Shin dug into the snow with what strength he had left. He grasped for any hand hold as he slid further over the edge. A tearing sound came from below him, followed by a sudden, searing pain in his right leg, then the fall stopped.

He hung in a thicket of alder that jutted out from the side of the cliff in a knot of gnarled branches. One of the branches had torn through his Carhartts. It punctured the skin and muscle of his calf. The pain was incredible, but the tree had stopped his descent.

The pursuing snowmobile whined twenty feet above him as it came to stop. The engine turned off. A frozen
silence
descended like a void blanket on the area. Footsteps crunched in the snow, breaking the stillness. Someone called out from the direction of the road.

“Did he go over the edge?” said the distant male voice.

“I don’t know. I saw him jump as the machine went over.”

Shin found a foothold just below his trapped leg. Bracing his left leg to support his body weight, he pulled his right leg free of the alder limb. He stifled a scream as the fleshy wound tore against the rough texture of the wood. He struggled not to faint.

He stood still, waiting for the waves of pain to quiet, and judged his situation. The snowmobile had crashed to the bottom of Hurricane Gulch and exploded in flames. He was about twenty feet beneath the edge of the cliff. The moon and stars illuminated the chasm with pale light, and he that the ledge continued from where he stood toward the road.

The bridge he had seen from the top was not visible as the line of the valley curved gradually. That same curve was also enough to keep him out of sight from whoever may be on the road.

The sound of more footsteps approached from the road. Shin reached up with his hand and wiped the snow and frost from the opening of his parka hood.

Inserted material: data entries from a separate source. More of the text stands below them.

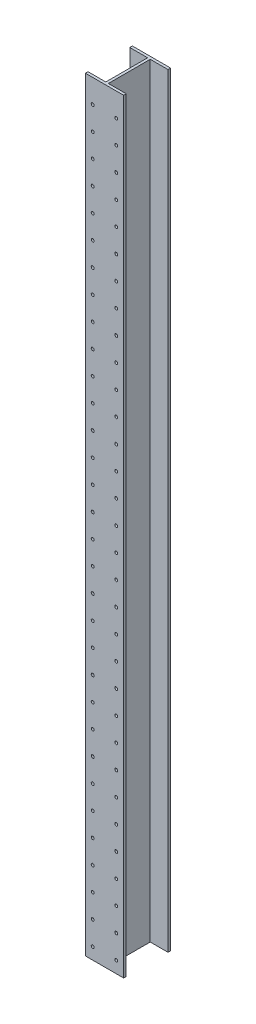
from build123d import *

# Parameters (mm, degrees)
BOSS_EXTRUDE1_DEPTH = 3302
SKETCH2_R           = 6.35
CUT_EXTRUDE1_DEPTH  = 11.176
LPATTERN1_COUNT     = 32
LPATTERN1_PITCH     = 101.6


with BuildPart() as part:
    # Sketch1 → Boss-Extrude1 (new body)
    with BuildSketch(Plane(origin=(0, 0, 0), x_dir=(1, 0, 0), z_dir=(0, 1, 0))):
        Polygon((-5.588, -90.424), (-5.588, 90.424), (-82.55, 90.424), (-82.55, 101.6), (82.55, 101.6), (82.55, 90.424), (5.588, 90.424), (5.588, -90.424), (82.55, -90.424), (82.55, -101.6), (-82.55, -101.6), (-82.55, -90.424), align=None)
    extrude(amount=BOSS_EXTRUDE1_DEPTH)

    # Sketch2 → Cut-Extrude1 (cut)
    with BuildSketch(Plane.XY.offset(101.6)):
        with Locations((-50.8, 50.8)):
            Circle(SKETCH2_R)
        with Locations((50.8, 50.8)):
            Circle(SKETCH2_R)
    cut_extrude1 = extrude(amount=-CUT_EXTRUDE1_DEPTH, mode=Mode.SUBTRACT)

    # LPattern1: Cut-Extrude1 ×32
    with Locations(*[(0, i * LPATTERN1_PITCH, 0) for i in range(1, LPATTERN1_COUNT)]):
        add(cut_extrude1, mode=Mode.SUBTRACT)


solid = part.part
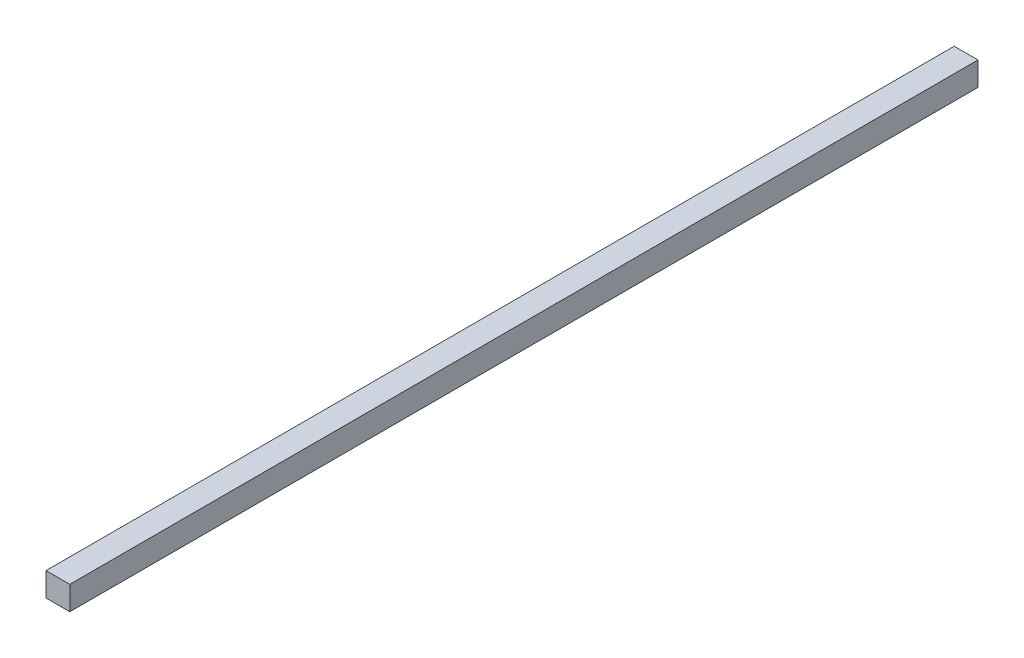
from build123d import *

# Parameters (mm, degrees)
SKETCH1_W           = 20
SKETCH1_H           = 20
BOSS_EXTRUDE1_DEPTH = 382


with BuildPart() as part:
    # Sketch1 → Boss-Extrude1 (new body, symmetric)
    with BuildSketch(Plane.XY):
        Rectangle(SKETCH1_W, SKETCH1_H)
    extrude(amount=BOSS_EXTRUDE1_DEPTH, both=True)


solid = part.part
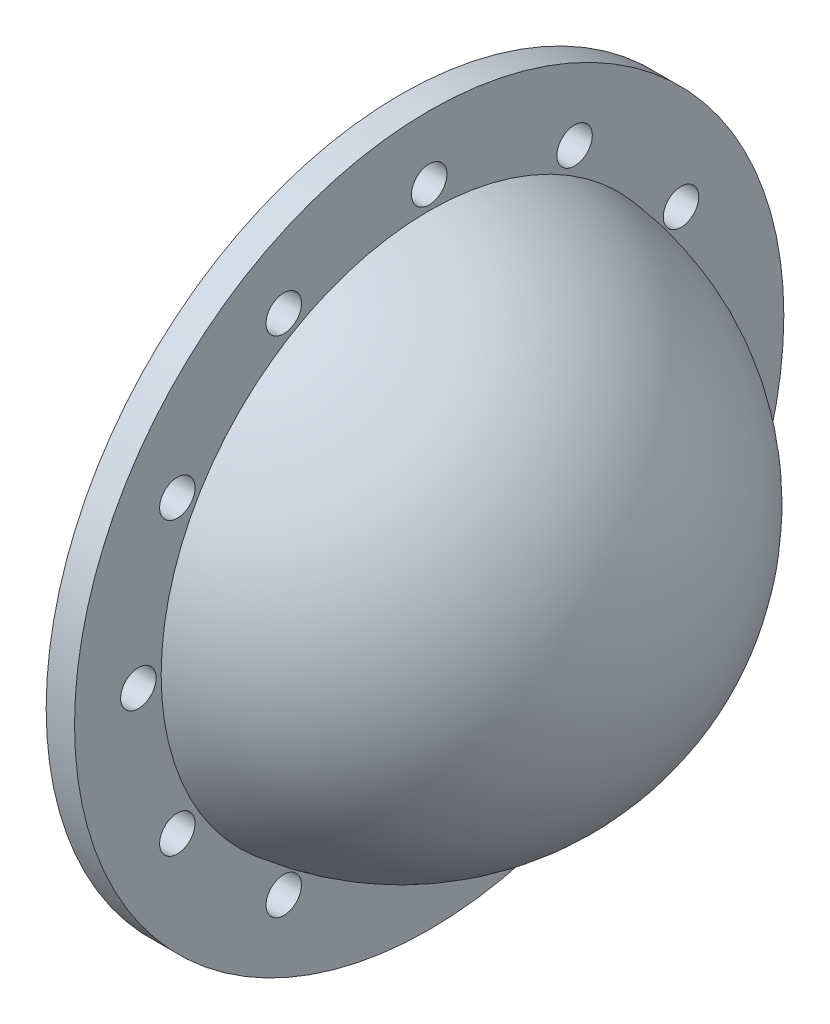
from build123d import *

# Parameters (mm, degrees)
SKETCH1_R           = 2500
SKETCH1_R_2         = 125
BOSS_EXTRUDE1_DEPTH = 200
SKETCH2_R           = 1800
CUT_EXTRUDE1_DEPTH  = 3542.186241925
REVOLVE1_ANGLE      = 180


with BuildPart() as part:
    # Sketch1 → Boss-Extrude1 (new body)
    with BuildSketch(Plane(origin=(0, 0, 0), x_dir=(0, 0, -1), z_dir=(1, 0, 0))):
        Circle(SKETCH1_R)
        with Locations((-1025, -1775.352077758)):
            Circle(SKETCH1_R_2, mode=Mode.SUBTRACT)
        with Locations((-1775.352077758, -1025)):
            Circle(SKETCH1_R_2, mode=Mode.SUBTRACT)
        with Locations((-2050, 0)):
            Circle(SKETCH1_R_2, mode=Mode.SUBTRACT)
        with Locations((0, -2050)):
            Circle(SKETCH1_R_2, mode=Mode.SUBTRACT)
        with Locations((1025, -1775.352077758)):
            Circle(SKETCH1_R_2, mode=Mode.SUBTRACT)
        with Locations((1775.352077758, -1025)):
            Circle(SKETCH1_R_2, mode=Mode.SUBTRACT)
        with Locations((-1775.352077758, 1025)):
            Circle(SKETCH1_R_2, mode=Mode.SUBTRACT)
        with Locations((-1025, 1775.352077758)):
            Circle(SKETCH1_R_2, mode=Mode.SUBTRACT)
        with Locations((2050, 0)):
            Circle(SKETCH1_R_2, mode=Mode.SUBTRACT)
        with Locations((1775.352077758, 1025)):
            Circle(SKETCH1_R_2, mode=Mode.SUBTRACT)
        with Locations((1025, 1775.352077758)):
            Circle(SKETCH1_R_2, mode=Mode.SUBTRACT)
        with Locations((0, 2050)):
            Circle(SKETCH1_R_2, mode=Mode.SUBTRACT)
    extrude(amount=BOSS_EXTRUDE1_DEPTH)

    # Sketch2 → Cut-Extrude1 (cut, through all)
    with BuildSketch(Plane.ZY):
        Circle(SKETCH2_R)
    extrude(amount=-CUT_EXTRUDE1_DEPTH, mode=Mode.SUBTRACT)

    # Sketch4 → Revolve1 (revolve)
    with BuildSketch(Plane.ZY):
        with BuildLine():
            Line((0, 1800), (0, 1900))
            ThreePointArc((0, 1900), (1900, 0), (0, -1900))
            Line((0, -1900), (0, -1800))
            ThreePointArc((0, -1800), (1800, 0), (0, 1800))
        make_face()
    revolve(axis=Axis((0, -1900, 0), (0, 1, 0)), revolution_arc=REVOLVE1_ANGLE)


solid = part.part
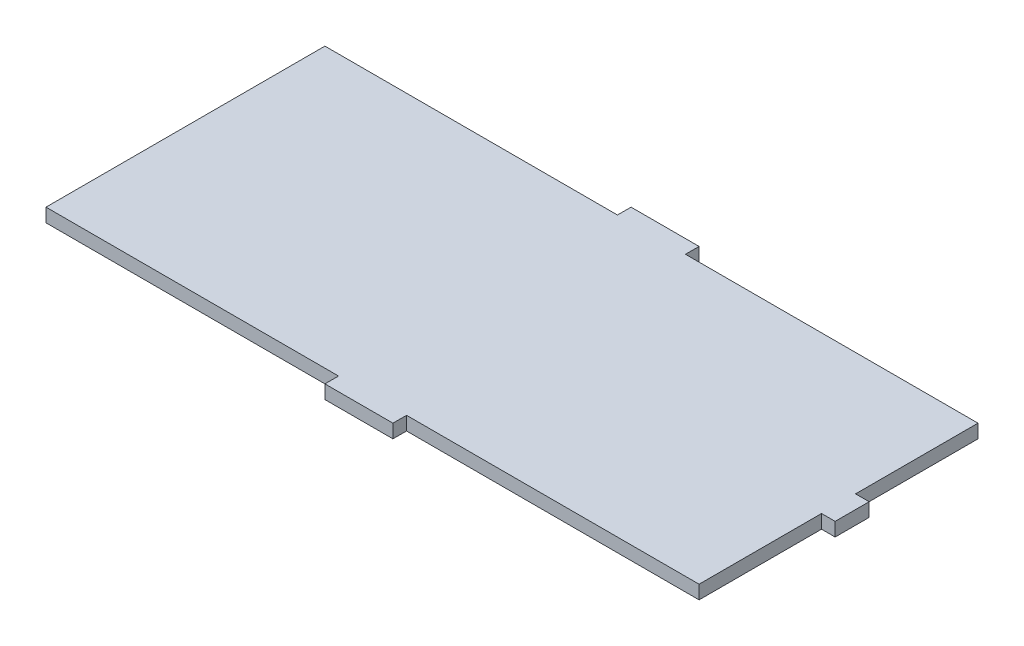
from build123d import *

# Parameters (mm, degrees)
BOSS_EXTRUDE1_DEPTH = 2


with BuildPart() as part:
    # Sketch1 → Boss-Extrude1 (new body)
    with BuildSketch(Plane(origin=(0, 0, 0), x_dir=(1, 0, 0), z_dir=(0, 1, 0))):
        Polygon((0, 0), (43, 0), (43, -2), (53, -2), (53, 0), (96, 0), (96, 18), (98, 18), (98, 23), (96, 23), (96, 41), (53, 41), (53, 43), (43, 43), (43, 41), (0, 41), align=None)
    extrude(amount=BOSS_EXTRUDE1_DEPTH)


solid = part.part
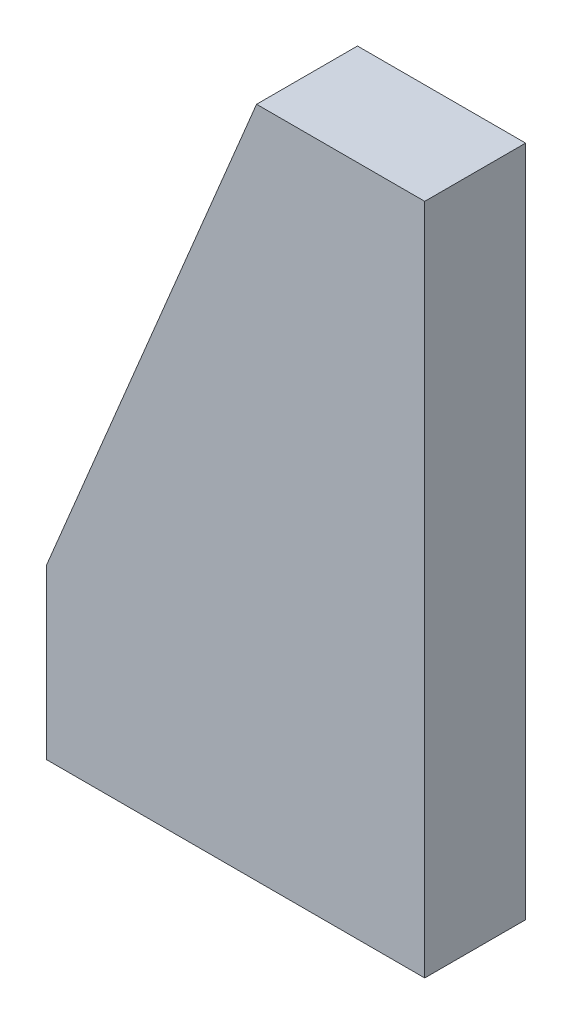
from build123d import *

# Parameters (mm, degrees)
EXTRUDE1_DEPTH = 12


with BuildPart() as part:
    # Sketch1 → Extrude1 (new body)
    with BuildSketch(Plane.XY):
        Polygon((0, 0), (45, 0), (45, 80), (25, 80), (0, 20), align=None)
    extrude(amount=EXTRUDE1_DEPTH)


solid = part.part
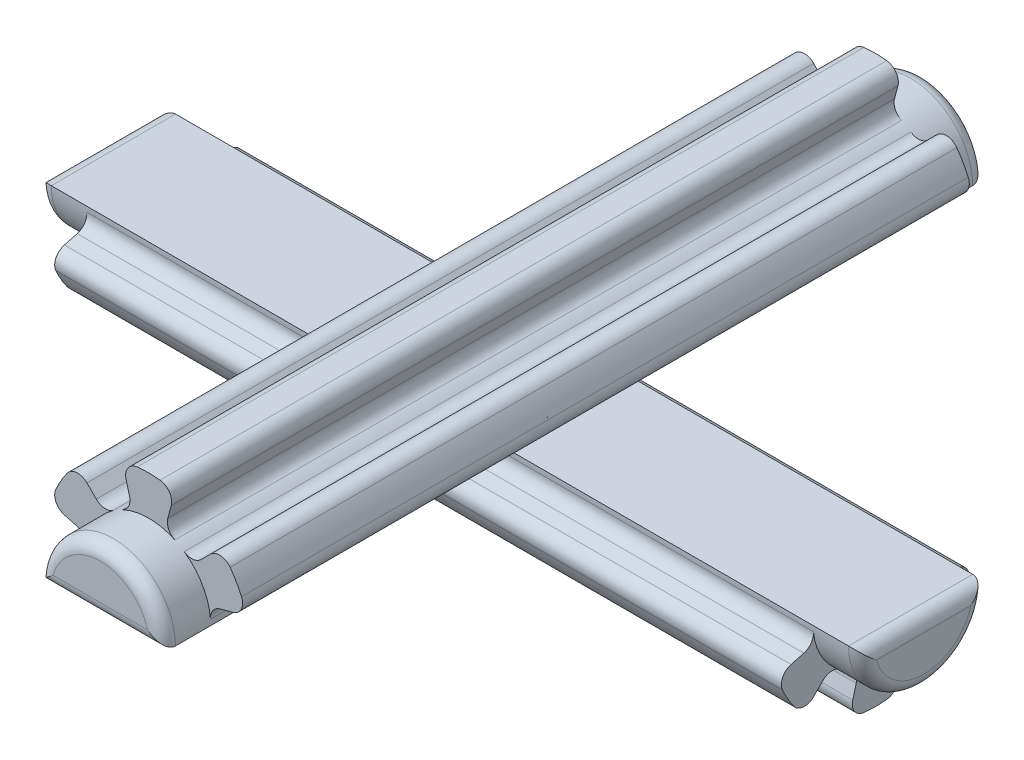
from build123d import *

# Parameters (mm, degrees)
BOSS_EXTRUDE9_START  = 1.85
BOSS_EXTRUDE9_DEPTH  = 31.5
BOSS_EXTRUDE10_DEPTH = 27.8
FILLET4_R            = 0.5
BOSS_EXTRUDE11_DEPTH = 31.5
BOSS_EXTRUDE12_START = -1.85
BOSS_EXTRUDE12_DEPTH = 27.8
FILLET5_R            = 0.5


with BuildPart() as part:
    # Sketch10 → Boss-Extrude9 (new body)
    with BuildSketch(Plane(origin=(13.899999999999999, 0, 0), x_dir=(0, 0, -1), z_dir=(1, 0, 0)).offset(BOSS_EXTRUDE9_START)):
        with BuildLine():
            Line((2.375, 0), (-2.375, 0))
            ThreePointArc((-2.375, 0), (-2.3546815457628005, -0.30999970652261516), (-2.2940738374365415, -0.6146952321184724))
            ThreePointArc((-2.294073837436541, -0.6146952321184722), (-2.0568103339880484, -1.1874999999999882), (-1.679378605318059, -1.6793786053180417))
            ThreePointArc((-1.6793786053180593, -1.6793786053180415), (-1.1875000000000056, -2.0568103339880377), (-0.614695232118488, -2.294073837436537))
            ThreePointArc((-0.6146952321184879, -2.294073837436537), (8e-16, -2.375), (0.6146952321184889, -2.2940738374365366))
            ThreePointArc((0.6146952321184891, -2.2940738374365366), (1.1874999999999993, -2.0568103339880426), (1.6793786053180475, -1.679378605318053))
            ThreePointArc((1.679378605318047, -1.6793786053180533), (2.0568103339880404, -1.1875000000000027), (2.2940738374365366, -0.6146952321184884))
            ThreePointArc((2.294073837436536, -0.6146952321184882), (2.3546815457627996, -0.30999970652262326), (2.374999999999999, 1.5e-16))
        make_face()
    extrude(amount=-BOSS_EXTRUDE9_DEPTH)

    # Sketch10_3 → Boss-Extrude10 (add)
    with BuildSketch(Plane(origin=(13.899999999999999, 0, 0), x_dir=(0, 0, -1), z_dir=(1, 0, 0))):
        with BuildLine():
            ThreePointArc((-1.679378605318059, -1.6793786053180417), (-2.0568103339880484, -1.1874999999999882), (-2.294073837436541, -0.6146952321184722))
            Line((-2.294073837436541, -0.6146952321184723), (-3.7429625768701458, -1.002923799772244))
            ThreePointArc((-3.7429625768701453, -1.002923799772244), (-3.3558484396647104, -1.937499999999981), (-2.7400387770978853, -2.740038777097858))
            Line((-2.740038777097886, -2.740038777097858), (-1.6793786053180595, -1.6793786053180415))
        make_face()
        with BuildLine():
            Line((3.742962576870139, -1.0029237997722704), (2.2940738374365366, -0.6146952321184883))
            ThreePointArc((2.2940738374365366, -0.6146952321184884), (2.0568103339880404, -1.1875000000000027), (1.679378605318047, -1.6793786053180533))
            Line((1.6793786053180473, -1.6793786053180535), (2.740038777097866, -2.740038777097877))
            ThreePointArc((2.740038777097866, -2.7400387770978774), (3.3558484396646966, -1.937500000000004), (3.7429625768701396, -1.0029237997722706))
        make_face()
        with BuildLine():
            ThreePointArc((0.6146952321184889, -2.2940738374365366), (8e-16, -2.375), (-0.6146952321184879, -2.294073837436537))
            Line((-0.6146952321184881, -2.294073837436537), (-1.00292379977227, -3.7429625768701387))
            ThreePointArc((-1.0029237997722702, -3.7429625768701396), (9.4e-16, -3.874999999999999), (1.0029237997722722, -3.7429625768701387))
            Line((1.0029237997722715, -3.7429625768701382), (0.614695232118489, -2.2940738374365366))
        make_face()
    extrude(amount=-BOSS_EXTRUDE10_DEPTH)

    # Fillet4
    fillet4_edges = [part.edges().sort_by_distance(p)[0] for p in [
        (-15.75, 0, 0),
        (-15.75, -2.375000000000048, -5.294e-14),
        (15.749999999999998, 0, 0),
        (15.749999999999998, -2.3749999999999236, -8.83e-14),
        (-1.78e-15, -0.6146952321184884, -2.2940738374365366),
        (-1.78e-15, -1.0029237997722706, -3.7429625768701396),
        (-1.78e-15, -2.740038777097877, -2.7400387770978663),
        (-1.78e-15, -1.6793786053180533, -1.6793786053180475),
        (-1.78e-15, -2.2940738374365366, -0.6146952321184889),
        (-1.78e-15, -3.7429625768701387, -1.002923799772272),
        (-1.78e-15, -3.7429625768701396, 1.0029237997722702),
        (-1.78e-15, -2.294073837436537, 0.614695232118488),
        (-1.78e-15, -1.6793786053180417, 1.6793786053180595),
        (-1.78e-15, -2.740038777097858, 2.740038777097886),
        (-1.78e-15, -0.6146952321184724, 2.2940738374365415),
        (-1.78e-15, -1.002923799772244, 3.7429625768701458),
    ]]
    fillet(fillet4_edges, radius=FILLET4_R)


with BuildPart() as body_2:
    # Sketch12 → Boss-Extrude11 (new body)
    with BuildSketch(Plane.XY.offset(15.75)):
        with BuildLine():
            ThreePointArc((-2.2940738374365424, 0.6146952321184705), (-2.3546815457628014, 0.3099997065226141), (-2.375, 1e-17))
            Line((-2.375, 0), (2.375, 0))
            ThreePointArc((2.375, 0), (2.354681545762799, 0.30999970652261893), (2.2940738374365393, 0.61469523211848))
            ThreePointArc((2.2940738374365397, 0.6146952321184802), (2.056810333988045, 1.1874999999999953), (1.6793786053180533, 1.679378605318048))
            ThreePointArc((1.6793786053180533, 1.679378605318048), (1.1875000000000027, 2.0568103339880413), (0.614695232118488, 2.294073837436537))
            ThreePointArc((0.6146952321184886, 2.2940738374365366), (-2.2e-16, 2.375), (-0.6146952321184889, 2.294073837436537))
            ThreePointArc((-0.6146952321184889, 2.294073837436537), (-1.187500000000007, 2.0568103339880386), (-1.67937860531806, 1.6793786053180408))
            ThreePointArc((-1.6793786053180595, 1.6793786053180408), (-2.0568103339880497, 1.1874999999999862), (-2.2940738374365415, 0.61469523211847))
        make_face()
    extrude(amount=-BOSS_EXTRUDE11_DEPTH)

    # Sketch12_3 → Boss-Extrude12 (add)
    with BuildSketch(Plane.XY.offset(15.75).offset(BOSS_EXTRUDE12_START)):
        with BuildLine():
            Line((-3.742962576870146, 1.0029237997722413), (-2.294073837436542, 0.6146952321184705))
            ThreePointArc((-2.2940738374365415, 0.61469523211847), (-2.0568103339880497, 1.1874999999999862), (-1.6793786053180595, 1.6793786053180408))
            Line((-1.67937860531806, 1.6793786053180408), (-2.7400387770978876, 2.740038777097856))
            ThreePointArc((-2.7400387770978876, 2.7400387770978565), (-3.3558484396647126, 1.9374999999999782), (-3.7429625768701467, 1.0029237997722413))
        make_face()
        with BuildLine():
            ThreePointArc((1.6793786053180533, 1.679378605318048), (2.056810333988045, 1.1874999999999953), (2.2940738374365397, 0.6146952321184802))
            Line((2.2940738374365393, 0.6146952321184801), (3.742962576870143, 1.002923799772257))
            ThreePointArc((3.742962576870143, 1.0029237997722573), (3.3558484396647046, 1.9374999999999925), (2.740038777097876, 2.7400387770978676))
            Line((2.740038777097876, 2.740038777097867), (1.6793786053180533, 1.679378605318048))
        make_face()
        with BuildLine():
            Line((-1.0029237997722713, 3.742962576870139), (-0.6146952321184889, 2.294073837436537))
            ThreePointArc((-0.6146952321184889, 2.294073837436537), (-2.2e-16, 2.375), (0.6146952321184886, 2.2940738374365366))
            Line((0.6146952321184883, 2.294073837436537), (1.0029237997722704, 3.742962576870139))
            ThreePointArc((1.0029237997722706, 3.74296257687014), (-4.4e-16, 3.875), (-1.0029237997722715, 3.74296257687014))
        make_face()
    extrude(amount=-BOSS_EXTRUDE12_DEPTH)

    # Fillet5
    fillet5_edges = [body_2.edges().sort_by_distance(p)[0] for p in [
        (0, 0, -15.75),
        (-1.5212e-13, 2.3750000000001332, -15.75),
        (-2.154e-14, 2.3749999999999845, 15.75),
        (0, 0, 15.75),
        (2.2940738374365397, 0.6146952321184802, 0),
        (3.742962576870143, 1.0029237997722573, 0),
        (2.740038777097876, 2.740038777097867, 0),
        (1.6793786053180535, 1.679378605318048, 0),
        (0.6146952321184882, 2.2940738374365366, 0),
        (1.0029237997722706, 3.7429625768701396, 0),
        (-1.0029237997722715, 3.7429625768701396, 0),
        (-0.6146952321184889, 2.294073837436537, 0),
        (-2.7400387770978876, 2.7400387770978565, 0),
        (-1.6793786053180597, 1.6793786053180408, 0),
        (-2.294073837436542, 0.6146952321184704, 0),
        (-3.7429625768701467, 1.0029237997722418, 0),
    ]]
    fillet(fillet5_edges, radius=FILLET5_R)


solid = Compound([part.part, body_2.part])

The light pressure from the action sent a screech of white pain across his face as the cloth of the hood touched the frostbitten skin around his eyes and nose.

Once he recovered from the pain, Shin moved slowly along the ledge until he was sure of his footing, and then he began to scoot sideways faster until he came in sight of the bridge.

More footsteps crunched across the snow above him and passed to where the snowmobile had gone over the edge. He heard a voice talk into a radio.

The whup-whup-whup of a helicopter rose in the
distance
. The thundering machine followed the highway up from the south, then turned as it approached Hurricane Gulch. Shin forced himself to run through the pain in his legs. He reached the safe covering of the bridge just as the helicopter’s spotlight burst onto the snow-covered ledge. Much to his relief, the light from the helicopter slid down to the valley floor to scan the wreckage of the snowmobile rather than the ledge over which he had just crossed. They were looking in the wrong area.